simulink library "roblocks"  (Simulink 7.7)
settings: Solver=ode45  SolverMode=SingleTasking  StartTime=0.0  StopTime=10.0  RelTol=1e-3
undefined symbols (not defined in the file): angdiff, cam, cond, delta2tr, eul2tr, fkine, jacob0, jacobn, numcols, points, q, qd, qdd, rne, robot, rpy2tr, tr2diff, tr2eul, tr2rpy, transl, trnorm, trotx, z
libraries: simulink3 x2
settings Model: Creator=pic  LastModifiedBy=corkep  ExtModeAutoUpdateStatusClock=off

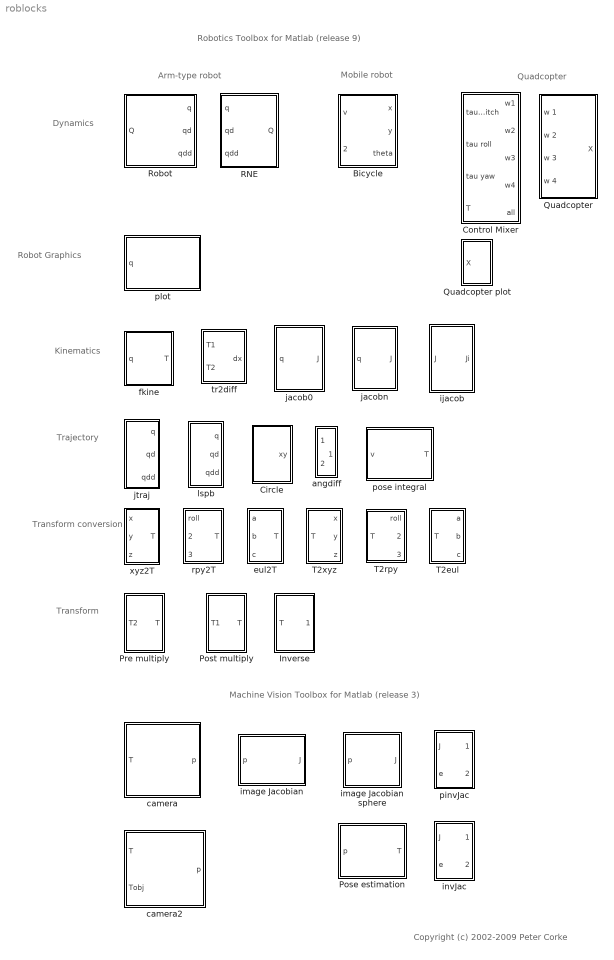
== system roblocks ==
  note: Robotics Toolbox for Matlab (release 9)
  note: Copyright (c) 2002-2009 Peter Corke
  note: Dynamics
  note: Robot
      | Graphics
  note: Kinematics
  note: Transform
      | conversion
  note: Trajectory
  note: Machine Vision Toolbox for Matlab (release 3)
  note: Arm-type robot
  note: Quadcopter
  note: Mobile robot
  note: Transform
  Bicycle : Subsystem  mask{accel=1, vlim=1, alim=2, x0=[0, 0, 0], handbrake=0}
      mask prompts: accel "Acceleration"; vlim "Velocity limit"; alim "Steering limits"; x0 "Initial state (x, y, theta)"
  Circle : Subsystem  mask{radius=1, freq=0.2}
      mask prompts: freq "Frequency (rev/s)"
  Control Mixer : Subsystem
  Inverse : Subsystem
  Pose estimation : Subsystem  mask{cam=0, P=0}
      mask prompts: cam "Camera"; P "Points (3xN)"
  Post multiply : Subsystem  mask{T2=0}
      mask help: Premultiply incoming transform by a constant transformation
  Pre multiply : Subsystem  mask{T=0}
      mask prompts: T "T1"
      mask help: Post multiply incoming transform by constant transform.
  Quadcopter : Subsystem  mask{quad=0}
      mask prompts: quad "Quadcopter params"
  Quadcopter plot : Subsystem
  RNE : Subsystem  mask{robot=robot, grav=[0 0 9.81]}
      mask prompts: robot "Robot object"; grav "Gravity"
      mask help: Rigid-body inverse dynamics.
      mask init:
      | if isa(robot, 'SerialLink')
      |     n = robot.n
      |     rname = robot.name;
      | else
      |     n = 0;
      |     rname = '';
      | end
      mask Help: Given a robot dynamic model and joint angle, rate and acceleration determine the required joint torque.  Useful for computed and inverse torque control schemes.
      mask Display:
      | port_label('output', 1, 'Q')
      | port_label('input', 1, 'q')
      | port_label('input', 2, 'qd')
      | port_label('input', 3, 'qdd')
      | text(0.9, 0.9,  rname, 'horizontalAlignment', 'right')
  Robot : Subsystem  mask{robot=robot, q0=[0 0 0 0 0 0]}
      mask prompts: robot "Robot object"; q0 "Initial state"
      mask help: Rigid-body dynamic model of robot.
      mask init:
      | if isa(robot, 'SerialLink')
      |     rname = robot.name;
      |     fprintf('**robot name is %s\n', rname);
      | else
      |     rname = '';
      |     n = 0
      | end
      mask Help: Simulates the forward (direct) rigid-body dynamics of the robot described by the given robot object.
      mask Display:
      | port_label('input', 1, 'Q')
      | port_label('output', 1, 'q')
      | port_label('output', 2, 'qd')
      | port_label('output', 3, 'qdd')
      | text(0.1, 0.9,  rname, 'horizontalAlignment', 'left')
  T2eul : Subsystem
      mask Description: Convert transform to Euler angles.
  T2rpy : Subsystem
      mask Description: Convert transform to roll/pitch/yaw angles.
  T2xyz : Subsystem
      mask Description: Convert transform to xyz scalars
  angdiff : Subsystem
  camera : Subsystem  mask{cam=, points=}
      mask prompts: cam "Camera"; points "Points (3xN)"
  camera2 : Subsystem
  eul2T : Subsystem
      mask Description: Convert Euler angles to transform.
  fkine : Subsystem  mask{robot=robot}
      mask prompts: robot "Robot object"
      mask help: Robot forward kinematics.
      mask Help: Compute homogeneous transform for robot end-effector given joint angles.
      mask Display:
      | port_label('input', 1, 'q')
      | port_label('output', 1, 'T')
      | text(0.9, 0.9, robot.name,  'horizontalAlignment', 'right')
  ijacob : Subsystem
      mask Description:
      | Robot inverse Jacobian for world coordinates.
      | 
      | Only valid for square jacobians (ie/ 6DOF robots)
      mask Display:
      | text(0.4, 0.7, 'J', 'verticalAlignment', 'top', 'horizontalAlignment', 'left')
      | text(0.65, 0.65, '-1', 'verticalAlignment', 'bottom', 'horizontalAlignment', 'right')
      | port_label('input', 1, 'J');
      | port_label('output', 1, 'Ji')
  image Jacobian : Subsystem  mask{cam=, z=}
      mask prompts: cam "Camera"; z "Assumed depth (m)"
  image Jacobian sphere : Subsystem
  invJac : Subsystem
  "jacob0 " : Subsystem  mask{robot=robot}
      mask prompts: robot "Robot object"
      mask help: Robot Jacobian for end-effector coordinates
      mask init:
      | n=robot.n;
      mask Display:
      | text(0.4, 0.7, 'J', 'verticalAlignment', 'top', 'horizontalAlignment', 'left')
      | text(0.4, 0.7, '0', 'verticalAlignment', 'bottom', 'horizontalAlignment', 'right')
      | text(0.5, 0.2, robot.name,  'horizontalAlignment', 'center')
      | port_label('input', 1, 'q')
      | port_label('output', 1, 'J')
  jacobn : Subsystem  mask{robot=robot}
      mask prompts: robot "Robot object"
      mask help: Robot Jacobian for end-effector coordinates
      mask init:
      | n=robot.n;
      mask Display:
      | text(0.5, 0.4, 'J', 'verticalAlignment', 'top', 'horizontalAlignment', 'left')
      | text(0.5, 0.4, 'n', 'verticalAlignment', 'bottom', 'horizontalAlignment', 'right')
      | text(0.9, 0.9, robot.name,  'horizontalAlignment', 'right')
      | port_label('input', 1, 'q')
      | port_label('output', 1, 'J')
  jtraj : Subsystem  mask{q0=[0 0 0 0 0 0], qf=[pi/4 pi/2 -pi/2 0 0 0], tmax=10}
      mask help: Joint interpolated trajectory.
      mask init:
      | n = length(q0);
      | if length(q0) ~= length(qf) ,
      |  error('q0 and qf must be same length')
      | end
      | t=[0:100]'/100*tmax;
      | [q,qd,qdd] = jtraj(q0, qf, t);
      mask Help:
      | Generate quintic polynomial to move from initial to final joint angles as specified.  Initial and final velocity are assumed to be zero.
      | 
      | Outputs joint angles as well as joint angle rates.
      mask Display:
      | port_label('output', 1, 'q')
      | port_label('output', 2, 'qd')
      | port_label('output', 3, 'qdd')
  lspb : Subsystem  AncestorBlock=roblocks/jtraj  mask{q0=[0 0 0 0 0 0], qf=[pi/4 pi/2 -pi/2 0 0 0], tmax=10}
      mask help: Joint interpolated trajectory.
      mask init:
      | n = length(q0);
      | if length(q0) ~= length(qf) ,
      |  error('q0 and qf must be same length')
      | end
      | t=[0:1000]'/1000*tmax;
      | [q,qd,qdd] = lspb(q0, qf, t);
      mask Help:
      | Generate quintic polynomial to move from initial to final joint angles as specified.  Initial and final velocity are assumed to be zero.
      | 
      | Outputs joint angles as well as joint angle rates.
      mask Display:
      | port_label('output', 1, 'q')
      | port_label('output', 2, 'qd')
      | port_label('output', 3, 'qdd')
  pinvJac : Subsystem
  plot : Subsystem  mask{robot=robot}
      mask prompts: robot "Name of robot"
      mask help: Graphical robot display.
      mask init:
      | if isa(robot, 'SerialLink')
      |     plot(robot,zeros(1,robot.n));
      | rname = robot.name;
      | fprintf('**robot name is %s\n', rname);
      | else
      |     rname = '';
      | end
      mask Help: This block graphically displays the named robot
      mask Display:
      | text(0.5, 0.9,  rname, 'horizontalAlignment', 'center')
      | port_label('input', 1, 'q')
  pose integral : Subsystem  mask{T0=transl(1,1,-3)*trotx(0.2), dt=0.02}
      mask prompts: T0 "Initial pose (hom transform)"; dt "Sample interval (s)"
  rpy2T : Subsystem
      mask Description: Convert roll/pitch/yaw angles to transform.
  tr2diff : Subsystem  mask{robot=robot}
      mask prompts: robot "Robot object"
      mask help: Robot forward kinematics.
      mask Help: Compute homogeneous transform for robot end-effector given joint angles.
      mask Display:
      | port_label('input', 1, 'T1')
      | port_label('input', 2, 'T2')
      | port_label('output', 1, 'dx')
  xyz2T : Subsystem
      mask Description: Convert xyz scalars to transform.

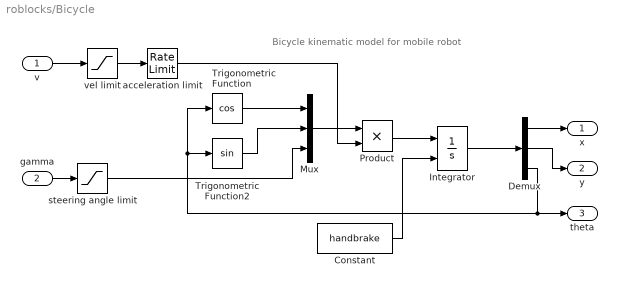
== system roblocks/Bicycle ==
  note: Bicycle kinematic model for mobile robot
  v : Inport
  gamma : Inport  Port=2
  Constant : Constant  Value=handbrake
  Demux : Demux  Outputs=3
  Integrator : Integrator  ExternalReset=level  InitialCondition=x0
  Mux : Mux  Inputs=3
  Product : Product  RndMeth=Zero
  Trigonometric Function : Trigonometry  Operator=cos
  Trigonometric Function2 : Trigonometry
  acceleration limit : RateLimiter  RisingSlewLimit=accel  FallingSlewLimit=-accel  SampleTimeMode=inherited
  steering angle limit : Saturate  UpperLimit=alim  LowerLimit=-alim
  vel limit : Saturate  UpperLimit=vlim  LowerLimit=-vlim
  x : Outport
  y : Outport  Port=2
  theta : Outport  Port=3
  wires:
  Trigonometric Function/1 -> Mux/1
  acceleration limit/1 -> Product/2
  Product/1 -> Integrator/1
  Integrator/1 -> Demux/1
  Demux/3 -> Trigonometric Function/1, Trigonometric Function2/1, theta/1
  Demux/1 -> x/1
  Demux/2 -> y/1
  gamma/1 -> steering angle limit/1
  v/1 -> vel limit/1
  Mux/1 -> Product/1
  vel limit/1 -> acceleration limit/1
  Trigonometric Function2/1 -> Mux/2
  steering angle limit/1 -> Mux/3
  Constant/1 -> Integrator/2

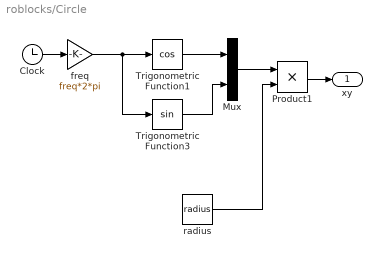
== system roblocks/Circle ==
  Clock : Clock
      settings: Decimation=10
  Mux : Mux  Inputs=2
  Product1 : Product  RndMeth=Zero
  Trigonometric Function1 : Trigonometry  Operator=cos
  Trigonometric Function3 : Trigonometry
  freq : Gain  Gain=freq*2*pi
  radius : Constant  Value=radius
  xy : Outport
  wires:
  freq/1 -> Trigonometric Function3/1, Trigonometric Function1/1
  Product1/1 -> xy/1
  Clock/1 -> freq/1
  radius/1 -> Product1/2
  Mux/1 -> Product1/1
  Trigonometric Function1/1 -> Mux/1
  Trigonometric Function3/1 -> Mux/2

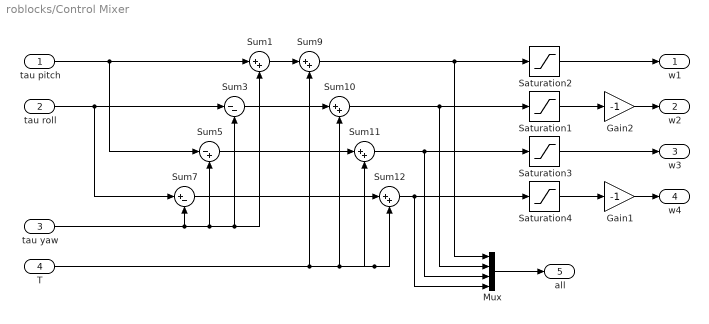
== system roblocks/Control Mixer ==
  tau pitch : Inport
  tau roll : Inport  Port=2
  tau yaw : Inport  Port=3
  T : Inport  Port=4
  Gain1 : Gain  Gain=-1
  Gain2 : Gain  Gain=-1
  Mux : Mux
  Saturation{1..4} (4 alike) : Saturate  UpperLimit=1000  LowerLimit=700
  Sum{1,9..12} (5 alike) : Sum  Inputs=|++  SaturateOnIntegerOverflow=on  InputSameDT=on  OutDataTypeStr=Inherit: Same as first input
  Sum3 : Sum  Inputs=|--  SaturateOnIntegerOverflow=on  InputSameDT=on  OutDataTypeStr=Inherit: Same as first input
  Sum5 : Sum  Inputs=|-+  SaturateOnIntegerOverflow=on  InputSameDT=on  OutDataTypeStr=Inherit: Same as first input
  Sum7 : Sum  Inputs=|+-  SaturateOnIntegerOverflow=on  InputSameDT=on  OutDataTypeStr=Inherit: Same as first input
  w1 : Outport
  w2 : Outport  Port=2
  w3 : Outport  Port=3
  w4 : Outport  Port=4
  all : Outport  Port=5
  wires:
  tau yaw/1 -> Sum7/2, Sum5/2, Sum3/2, Sum1/2
  Saturation2/1 -> w1/1
  Saturation1/1 -> Gain2/1
  Saturation3/1 -> w3/1
  Saturation4/1 -> Gain1/1
  tau pitch/1 -> Sum1/1, Sum5/1
  Sum1/1 -> Sum9/1
  Sum3/1 -> Sum10/1
  Sum5/1 -> Sum11/1
  Sum7/1 -> Sum12/1
  Sum9/1 -> Saturation2/1, Mux/1
  Sum10/1 -> Saturation1/1, Mux/2
  Sum11/1 -> Saturation3/1, Mux/3
  Sum12/1 -> Saturation4/1, Mux/4
  T/1 -> Sum12/2, Sum11/2, Sum10/2, Sum9/2
  tau roll/1 -> Sum3/1, Sum7/1
  Mux/1 -> all/1
  Gain2/1 -> w2/1
  Gain1/1 -> w4/1

== system roblocks/Inverse ==
  T : Inport
  MATLAB Fcn : MATLABFcn  MATLABFcn=inv(u)  OutputDimensions=[4,4]  Output1D=off
  invT : Outport
  wires:
  T/1 -> MATLAB Fcn/1
  MATLAB Fcn/1 -> invT/1

== system roblocks/Pose estimation ==
  p : Inport
  MATLAB Fcn : MATLABFcn  MATLABFcn=cam.estpose(P, u)  OutputDimensions=[4,4]  Output1D=off
  T : Outport
  wires:
  p/1 -> MATLAB Fcn/1
  MATLAB Fcn/1 -> T/1

== system roblocks/Post multiply ==
  T1 : Inport
  Constant : Constant  Value=T2
  Product : Product  Multiplication=Matrix(*)  RndMeth=Zero
  T : Outport
  wires:
  Product/1 -> T/1
  Constant/1 -> Product/2
  T1/1 -> Product/1

== system roblocks/Pre multiply ==
  T2 : Inport
  Constant : Constant  Value=T  VectorParams1D=off
  Product : Product  Multiplication=Matrix(*)  RndMeth=Zero
  T : Outport
  wires:
  Constant/1 -> Product/1
  Product/1 -> T/1
  T2/1 -> Product/2

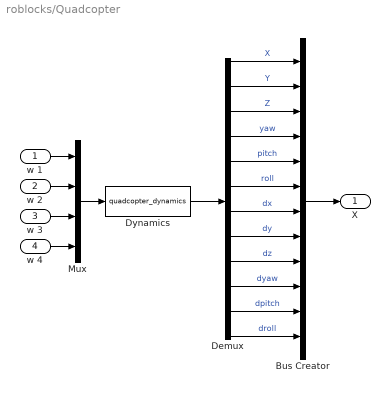
== system roblocks/Quadcopter ==
  w 1 : Inport
  w 2 : Inport  Port=2
  w 3 : Inport  Port=3
  w 4 : Inport  Port=4
  Bus Creator : BusCreator  Inputs='X','Y','Z','yaw','pitch','roll','dx','dy','dz','dyaw','dpitch','droll'
  Demux : Demux  Outputs=12
  Dynamics : S-Function  FunctionName=quadcopter_dynamics  Parameters=quad  EnableBusSupport=off
  Mux : Mux
  X : Outport
  wires:
  Mux/1 -> Dynamics/1
  Demux/1 -> Bus Creator/1  "X"
  Demux/3 -> Bus Creator/3  "Z"
  Demux/4 -> Bus Creator/4  "yaw"
  Demux/5 -> Bus Creator/5  "pitch"
  w 1/1 -> Mux/1
  w 2/1 -> Mux/2
  w 3/1 -> Mux/3
  w 4/1 -> Mux/4
  Demux/7 -> Bus Creator/7  "dx"
  Demux/9 -> Bus Creator/9  "dz"
  Demux/2 -> Bus Creator/2  "Y"
  Demux/6 -> Bus Creator/6  "roll"
  Demux/8 -> Bus Creator/8  "dy"
  Bus Creator/1 -> X/1
  Dynamics/1 -> Demux/1
  Demux/10 -> Bus Creator/10  "dyaw"
  Demux/11 -> Bus Creator/11  "dpitch"
  Demux/12 -> Bus Creator/12  "droll"

== system roblocks/Quadcopter plot ==
  X : Inport
  Bus Selector1 : BusSelector  OutputSignals=X,Y,Z,yaw,pitch,roll  OutputAsBus=on
  Plotter : S-Function  FunctionName=quadcopter_plot  Parameters=[2,10], 1, 1  EnableBusSupport=off
  wires:
  X/1 -> Bus Selector1/1
  Bus Selector1/1 -> Plotter/1

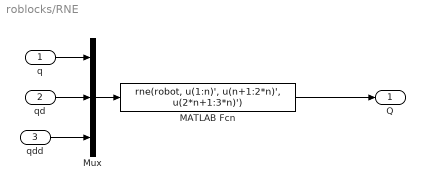
== system roblocks/RNE ==
  q : Inport
  qd : Inport  Port=2
  qdd : Inport  Port=3
  MATLAB Fcn : MATLABFcn  MATLABFcn=rne(robot, u(1:n)', u(n+1:2*n)', u(2*n+1:3*n)')  OutputDimensions=n
  Mux : Mux  Inputs=3
  Q : Outport
  wires:
  MATLAB Fcn/1 -> Q/1
  qdd/1 -> Mux/3
  qd/1 -> Mux/2
  q/1 -> Mux/1
  Mux/1 -> MATLAB Fcn/1

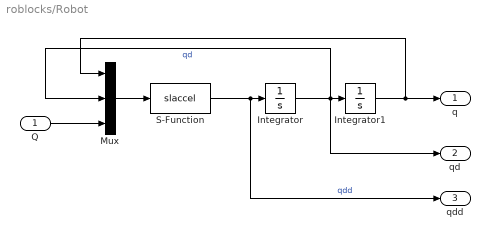
== system roblocks/Robot ==
  Q : Inport
  Integrator : Integrator
  Integrator1 : Integrator
  Mux : Mux  Inputs=3
  S-Function : S-Function  FunctionName=slaccel  Parameters=robot  EnableBusSupport=off
  q : Outport
  qd : Outport  Port=2
  qdd : Outport  Port=3
  wires:
  S-Function/1 -> qdd/1, Integrator/1  "qdd"
  Mux/1 -> S-Function/1
  Integrator/1 -> qd/1, Integrator1/1, Mux/2  "qd"
  Q/1 -> Mux/3
  Integrator1/1 -> q/1, Mux/1

== system roblocks/T2eul ==
  T : Inport
  Demux : Demux  Outputs=3
  MATLAB Fcn : MATLABFcn  MATLABFcn=tr2eul(u)  OutputDimensions=3
  a : Outport
  b : Outport  Port=2
  c : Outport  Port=3
  wires:
  Demux/3 -> c/1
  Demux/2 -> b/1
  Demux/1 -> a/1
  MATLAB Fcn/1 -> Demux/1
  T/1 -> MATLAB Fcn/1

== system roblocks/T2rpy ==
  T : Inport
  Demux : Demux  Outputs=3
  MATLAB Fcn : MATLABFcn  MATLABFcn=tr2rpy(u)  OutputDimensions=3
  roll : Outport
  pitch : Outport  Port=2
  yaw : Outport  Port=3
  wires:
  Demux/3 -> yaw/1
  Demux/2 -> pitch/1
  Demux/1 -> roll/1
  MATLAB Fcn/1 -> Demux/1
  T/1 -> MATLAB Fcn/1

== system roblocks/T2xyz ==
  T : Inport
  Demux : Demux  Outputs=3
  MATLAB Fcn : MATLABFcn  MATLABFcn=transl(u)  OutputDimensions=3
  x : Outport
  y : Outport  Port=2
  z : Outport  Port=3
  wires:
  T/1 -> MATLAB Fcn/1
  MATLAB Fcn/1 -> Demux/1
  Demux/1 -> x/1
  Demux/2 -> y/1
  Demux/3 -> z/1

== system roblocks/angdiff ==
  + : Inport
  - : Inport  Port=2
  MATLAB Fcn : MATLABFcn  MATLABFcn=angdiff(u(1), u(2))
  Mux : Mux  Inputs=2
  d : Outport
  wires:
  +/1 -> Mux/1
  Mux/1 -> MATLAB Fcn/1
  MATLAB Fcn/1 -> d/1
  -/1 -> Mux/2

== system roblocks/camera ==
  T : Inport
  MATLAB Fcn : MATLABFcn  MATLABFcn=cam.plot(points, 'Tcam', u, 'drawnow')  OutputDimensions=[2,numcols(points)]  OutputSignalType=real  Output1D=off
  p : Outport
  wires:
  MATLAB Fcn/1 -> p/1
  T/1 -> MATLAB Fcn/1

== system roblocks/camera2 ==
  T : Inport
  Tobj : Inport  Port=2
  MATLAB Fcn : MATLABFcn  MATLABFcn=cam.plot(points, 'Tcam', u(:,:,1), 'Tobj', u(:,:,2), 'drawnow')  OutputDimensions=[2,numcols(points)]  OutputSignalType=real  Output1D=off
  Matrix Concatenate : Concatenate  Mode=Multidimensional array  ConcatenateDimension=3
  p : Outport
  wires:
  MATLAB Fcn/1 -> p/1
  Matrix Concatenate/1 -> MATLAB Fcn/1
  Tobj/1 -> Matrix Concatenate/2
  T/1 -> Matrix Concatenate/1

== system roblocks/eul2T ==
  a : Inport
  b : Inport  Port=2
  c : Inport  Port=3
  MATLAB Fcn : MATLABFcn  MATLABFcn=eul2tr(u)  OutputDimensions=[4 4]  Output1D=off
  Mux : Mux  Inputs=3
  T : Outport
  wires:
  c/1 -> Mux/3
  MATLAB Fcn/1 -> T/1
  Mux/1 -> MATLAB Fcn/1
  a/1 -> Mux/1
  b/1 -> Mux/2

== system roblocks/fkine ==
  q : Inport
  MATLAB Fcn : MATLABFcn  MATLABFcn=fkine(robot,u)  OutputDimensions=[4 4]  Output1D=off
  T : Outport
  wires:
  q/1 -> MATLAB Fcn/1
  MATLAB Fcn/1 -> T/1

== system roblocks/ijacob ==
  J : Inport
  inverse jacobian : MATLABFcn  MATLABFcn=inv(u)  Output1D=off
  Ji : Outport
  wires:
  inverse jacobian/1 -> Ji/1
  J/1 -> inverse jacobian/1

== system roblocks/image Jacobian ==
  p : Inport
  MATLAB Fcn : MATLABFcn  MATLABFcn=cam.visjac_p(u, z)  Output1D=off
  J : Outport
  wires:
  MATLAB Fcn/1 -> J/1
  p/1 -> MATLAB Fcn/1

== system roblocks/image Jacobian sphere ==
  p : Inport
  MATLAB Fcn : MATLABFcn  MATLABFcn=cam.visjac_p(u, z)  Output1D=off
  J : Outport
  wires:
  MATLAB Fcn/1 -> J/1
  p/1 -> MATLAB Fcn/1

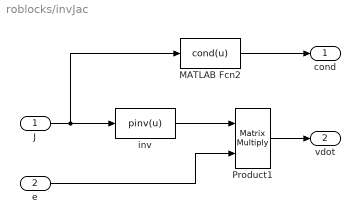
== system roblocks/invJac ==
  J : Inport
  e : Inport  Port=2
  MATLAB Fcn2 : MATLABFcn  MATLABFcn=cond(u)  Output1D=off
  Product1 : Product  Multiplication=Matrix(*)  SaturateOnIntegerOverflow=on  RndMeth=Zero  InputSameDT=on  OutDataTypeStr=Inherit: Same as first input
  inv : MATLABFcn  MATLABFcn=pinv(u)  Output1D=off
  cond : Outport
  vdot : Outport  Port=2
  wires:
  J/1 -> MATLAB Fcn2/1, inv/1
  inv/1 -> Product1/1
  e/1 -> Product1/2
  MATLAB Fcn2/1 -> cond/1
  Product1/1 -> vdot/1

== system roblocks/jacob0  ==
  q : Inport
  MATLAB Fcn : MATLABFcn  MATLABFcn=jacob0(robot,u)  OutputDimensions=[6 n]  Output1D=off
  J : Outport
  wires:
  MATLAB Fcn/1 -> J/1
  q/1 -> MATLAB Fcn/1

→ REQUIREMENT:
All lines in the entries above that include "grav" should be found and copied.

→ WRITTEN REPLY:
  RNE : Subsystem  mask{robot=robot, grav=[0 0 9.81]}
      mask prompts: robot "Robot object"; grav "Gravity"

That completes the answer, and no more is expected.